Con el circuito anterior se hacia el corrimiento hasta que quitara la alimentacion +Vcc pero ahora lo que quiero hacer (y no se si se pueda)  es usar el 555 en monoestable pero que al darle el la entrada que la secuencia de leds solo dure cierto tiempo, es decir, yo oprimo el push del monoestable y este hace que todo el circuito funcione durante cierto tiempo (esto pues depende de R y C, t=1.1RC) y en este tiempo el secuenciador de leds debe esta funcionando, cuando acabe el tiempo del monoestable el secuenciador tambien debe dejar de funionar, se podra hacer esto??

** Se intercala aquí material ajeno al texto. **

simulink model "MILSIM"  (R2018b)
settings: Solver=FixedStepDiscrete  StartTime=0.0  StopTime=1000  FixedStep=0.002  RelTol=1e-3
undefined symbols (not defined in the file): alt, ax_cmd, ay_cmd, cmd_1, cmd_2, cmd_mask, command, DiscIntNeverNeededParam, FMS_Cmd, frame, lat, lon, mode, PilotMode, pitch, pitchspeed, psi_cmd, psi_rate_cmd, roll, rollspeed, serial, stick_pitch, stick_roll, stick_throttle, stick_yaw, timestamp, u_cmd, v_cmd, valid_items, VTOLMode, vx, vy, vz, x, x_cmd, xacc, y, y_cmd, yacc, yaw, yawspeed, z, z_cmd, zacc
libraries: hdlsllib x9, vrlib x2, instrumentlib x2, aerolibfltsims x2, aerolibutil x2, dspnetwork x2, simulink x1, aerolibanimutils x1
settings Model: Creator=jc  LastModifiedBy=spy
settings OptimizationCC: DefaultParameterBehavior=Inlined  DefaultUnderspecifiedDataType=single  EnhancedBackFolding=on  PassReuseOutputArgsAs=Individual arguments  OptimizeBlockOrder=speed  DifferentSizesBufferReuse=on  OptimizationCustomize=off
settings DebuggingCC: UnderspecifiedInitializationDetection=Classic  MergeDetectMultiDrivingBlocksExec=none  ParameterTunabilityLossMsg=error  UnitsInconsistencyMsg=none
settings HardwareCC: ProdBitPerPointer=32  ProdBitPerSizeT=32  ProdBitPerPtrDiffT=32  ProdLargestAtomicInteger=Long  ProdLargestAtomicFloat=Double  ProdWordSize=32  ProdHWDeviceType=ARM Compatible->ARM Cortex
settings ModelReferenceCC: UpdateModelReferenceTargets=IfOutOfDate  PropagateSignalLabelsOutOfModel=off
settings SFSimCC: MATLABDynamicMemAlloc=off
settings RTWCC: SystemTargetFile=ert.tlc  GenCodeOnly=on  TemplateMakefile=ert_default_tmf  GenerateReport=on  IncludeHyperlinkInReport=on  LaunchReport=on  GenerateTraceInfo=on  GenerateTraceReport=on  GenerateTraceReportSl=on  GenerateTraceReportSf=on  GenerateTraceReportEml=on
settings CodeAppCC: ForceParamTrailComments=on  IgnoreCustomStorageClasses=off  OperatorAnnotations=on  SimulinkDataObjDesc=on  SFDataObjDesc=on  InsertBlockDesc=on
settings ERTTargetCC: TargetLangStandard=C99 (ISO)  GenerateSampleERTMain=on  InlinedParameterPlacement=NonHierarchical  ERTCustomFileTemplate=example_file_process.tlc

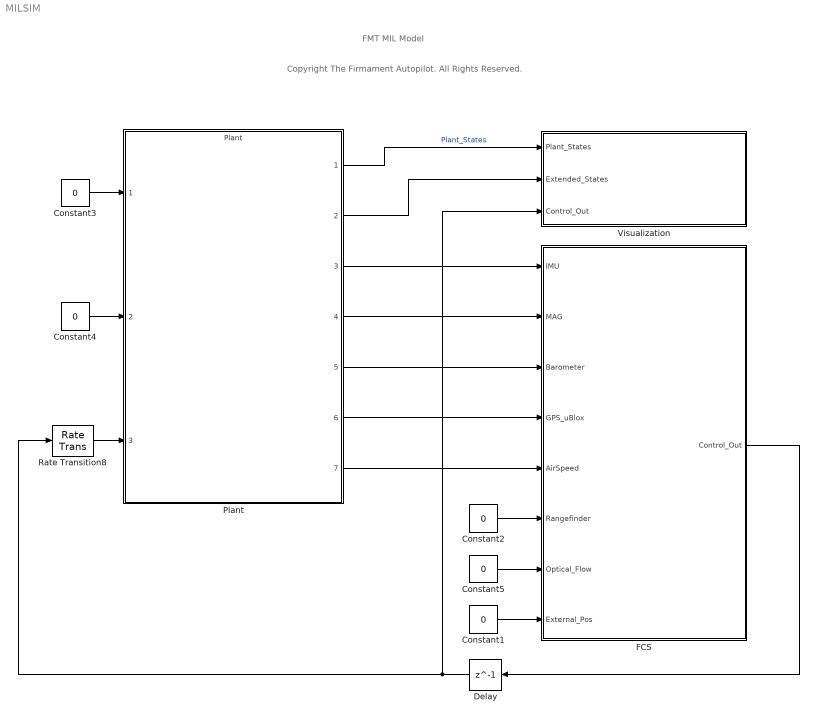
== system MILSIM ==
  note: FMT MIL Model
  note: Copyright The Firmament Autopilot. All Rights Reserved.
  Constant1 : Constant  Value=0  OutDataTypeStr=Bus: External_Pos_Bus
  Constant2 : Constant  Value=0  OutDataTypeStr=Bus: Rangefinder_Bus
  Constant3 : Constant  Value=0  OutDataTypeStr=Bus: Environment_Info_Bus
  Constant4 : Constant  Value=0  OutDataTypeStr=Bus: States_Init_Bus
  Constant5 : Constant  Value=0  OutDataTypeStr=Bus: Optical_Flow_Bus
  Delay : Delay  DelayLength=1
  FCS : Subsystem  TreatAsAtomicUnit=on
  Plant : ModelReference  ModelNameDialog=Plant.slx  ModelReferenceVersion=1.1206
  Rate Transition8 : RateTransition  OutPortSampleTime=PLANT_CONST.dt
  Visualization : Subsystem  TreatAsAtomicUnit=on
  wires:
  Plant/1 -> Visualization/1(Plant_States)  "Plant_States"
  Delay/1 -> Visualization/3(Control_Out), Rate Transition8/1
  Plant/2 -> Visualization/2(Extended_States)
  Plant/3 -> FCS/1(IMU)
  Plant/4 -> FCS/2(MAG)
  Plant/5 -> FCS/3(Barometer)
  FCS/1(Control_Out) -> Delay/1
  Constant2/1 -> FCS/6(Rangefinder)
  Constant5/1 -> FCS/7(Optical_Flow)
  Plant/7 -> FCS/5(AirSpeed)
  Constant1/1 -> FCS/8(External_Pos)
  Constant3/1 -> Plant/1
  Rate Transition8/1 -> Plant/3
  Constant4/1 -> Plant/2
  Plant/6 -> FCS/4(GPS_uBlox)

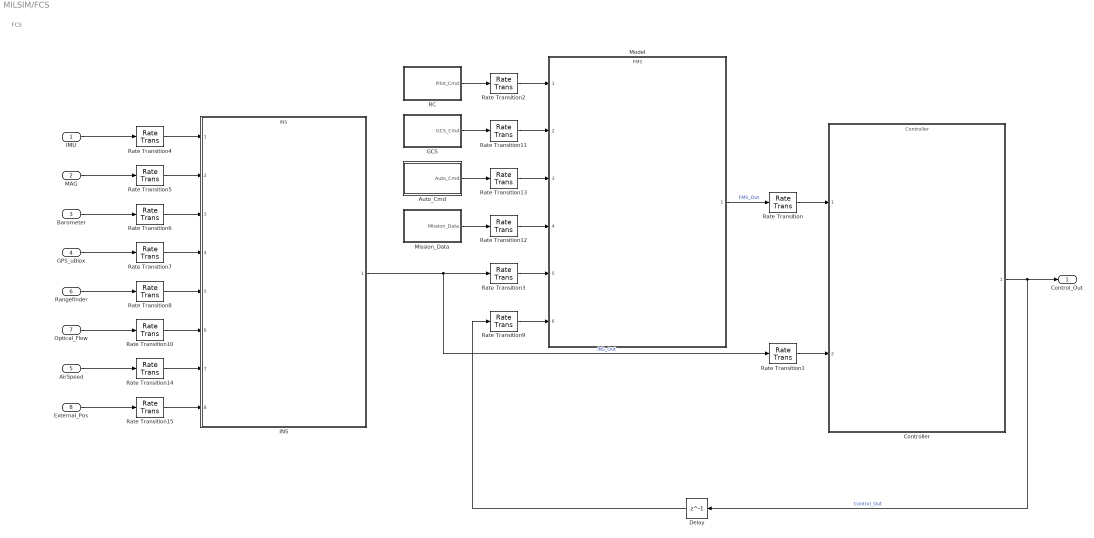
== system MILSIM/FCS ==
  note: FCS
  IMU : Inport
  MAG : Inport  Port=2
  Barometer : Inport  Port=3
  GPS_uBlox : Inport  Port=4
  AirSpeed : Inport  Port=5
  Rangefinder : Inport  Port=6
  Optical_Flow : Inport  Port=7
  External_Pos : Inport  Port=8
  Auto_Cmd : Subsystem
  Controller : ModelReference  ModelNameDialog=Controller.slx  ModelReferenceVersion=1.1001
  Delay : Delay  DelayLength=1
  GCS : Subsystem
  INS : ModelReference  ModelNameDialog=INS.slx  ModelReferenceVersion=1.4483
  Mission_Data : Subsystem
  Model : ModelReference  ModelNameDialog=FMS.slx  ModelReferenceVersion=1.2293
  RC : Subsystem  VariantControlMode=Label  Variant=on  VariantControl=Variant1  LabelModeActiveChoice=VIRTUAL_INPUT
  Rate Transition : RateTransition  OutPortSampleTime=CONTROL_CONST.dt
  Rate Transition1 : RateTransition  OutPortSampleTime=CONTROL_CONST.dt
  Rate Transition{4..8,10,14..15} (8 alike) : RateTransition  OutPortSampleTime=INS_CONST.dt
  Rate Transition{2..3,9,11..13} (6 alike) : RateTransition  OutPortSampleTime=FMS_CONST.dt
  Control_Out : Outport
  wires:
  INS/1 -> Rate Transition3/1, Rate Transition1/1  "INS_Out"
  Rate Transition2/1 -> Model/1
  Rate Transition4/1 -> INS/1
  Rate Transition/1 -> Controller/1
  Rate Transition1/1 -> Controller/2
  RC/1(" Pilot_Cmd") -> Rate Transition2/1
  Rangefinder/1 -> Rate Transition8/1
  Model/1 -> Rate Transition/1  "FMS_Out"
  Barometer/1 -> Rate Transition6/1
  Rate Transition3/1 -> Model/5
  MAG/1 -> Rate Transition5/1
  Rate Transition9/1 -> Model/6
  Controller/1 -> Delay/1, Control_Out/1  "Control_Out"
  IMU/1 -> Rate Transition4/1
  Delay/1 -> Rate Transition9/1
  Optical_Flow/1 -> Rate Transition10/1
  Rate Transition5/1 -> INS/2
  Rate Transition6/1 -> INS/3
  Rate Transition7/1 -> INS/4
  Rate Transition8/1 -> INS/5
  Rate Transition10/1 -> INS/6
  GPS_uBlox/1 -> Rate Transition7/1
  Rate Transition13/1 -> Model/3
  GCS/1(GCS_Cmd) -> Rate Transition11/1
  Rate Transition11/1 -> Model/2
  Mission_Data/1(Mission_Data) -> Rate Transition12/1
  Rate Transition12/1 -> Model/4
  Rate Transition14/1 -> INS/7
  Auto_Cmd/1(Auto_Cmd) -> Rate Transition13/1
  AirSpeed/1 -> Rate Transition14/1
  External_Pos/1 -> Rate Transition15/1
  Rate Transition15/1 -> INS/8

== system MILSIM/Visualization ==
  Plant_States : Inport
  Extended_States : Inport  Port=2
  Control_Out : Inport  Port=3
  3D_Visualization : Subsystem  VariantControlMode=Label  Variant=on  LabelModeActiveChoice=UE4
  Simulation Pace : aerolibanimutils/Simulation Pace  SimulationPace=1  SleepMode=Auto  OutputPaceError=off  SampleTime=-1
  wires:
  Plant_States/1 -> 3D_Visualization/1(Plant_States)
  Extended_States/1 -> 3D_Visualization/2(Extended_States)
  Control_Out/1 -> 3D_Visualization/3(Control_Out)

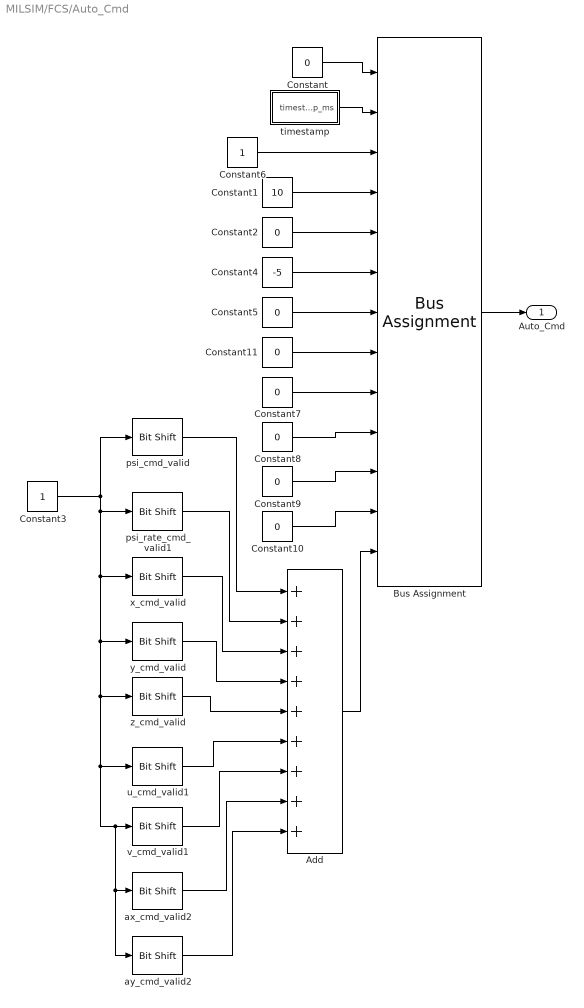
== system MILSIM/FCS/Auto_Cmd ==
  Add : Sum  Inputs=+++++++++
  Bus Assignment : BusAssignment  AssignedSignals=timestamp,frame,x_cmd,y_cmd,z_cmd,psi_cmd,psi_rate_cmd,u_cmd,v_cmd,ax_cmd,ay_cmd,cmd_mask
  Constant : Constant  Value=0  OutDataTypeStr=Bus: Auto_Cmd_Bus
  Constant1 : Constant  Value=10  OutDataTypeStr=single
  Constant{2,5,7..11} (7 alike) : Constant  Value=0  OutDataTypeStr=single
  Constant3 : Constant  OutDataTypeStr=uint32
  Constant4 : Constant  Value=-5  OutDataTypeStr=single
  Constant6 : Constant  OutDataTypeStr=uint8
  ax_cmd_valid2 : hdlsllib/Logic and Bit Operations/Bit Shift  mode=Shift Left Logical  N=16
      settings: SourceProductName=HDL Coder  SourceProductBaseCode=HD
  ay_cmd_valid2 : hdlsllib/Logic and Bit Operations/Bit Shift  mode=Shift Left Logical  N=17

Espero que si me haya explicado bien.

Adjunto una imagen del diseño como tenia pensado hacer, como les comento el secuenciador de leds y el astable como reloj funcionan bien pero quiero meterle un monoestable para dar el tiempo que funcionara todo el circuito.


----------



## elaficionado (Mar 3, 2011)

Hola.

Mira este circuito se detiene cuando llega a 10.





Chao.
elaficonado.
Nota: Te dejo el circuito en Livewire en el archivo ZIP


----------



## clocko (Mar 3, 2011)

claro que se puede pero tienes que usar dos 555 uno configurado como astable y el otro como monostable el astable hace que tu contador funcione y el monostable activa el astable durante un determinado tiempo.


----------



## Mandrake (Mar 3, 2011)

blackoptik dijo:


> . . . Espero que si me haya explicado bien . . .



Yo si le entendi bien, pero sin la imagen del circuito es dificil explicarle lo que debe hacer.



blackoptik dijo:


> . . . Adjunto una imagen del diseño como tenia pensado hacer . . .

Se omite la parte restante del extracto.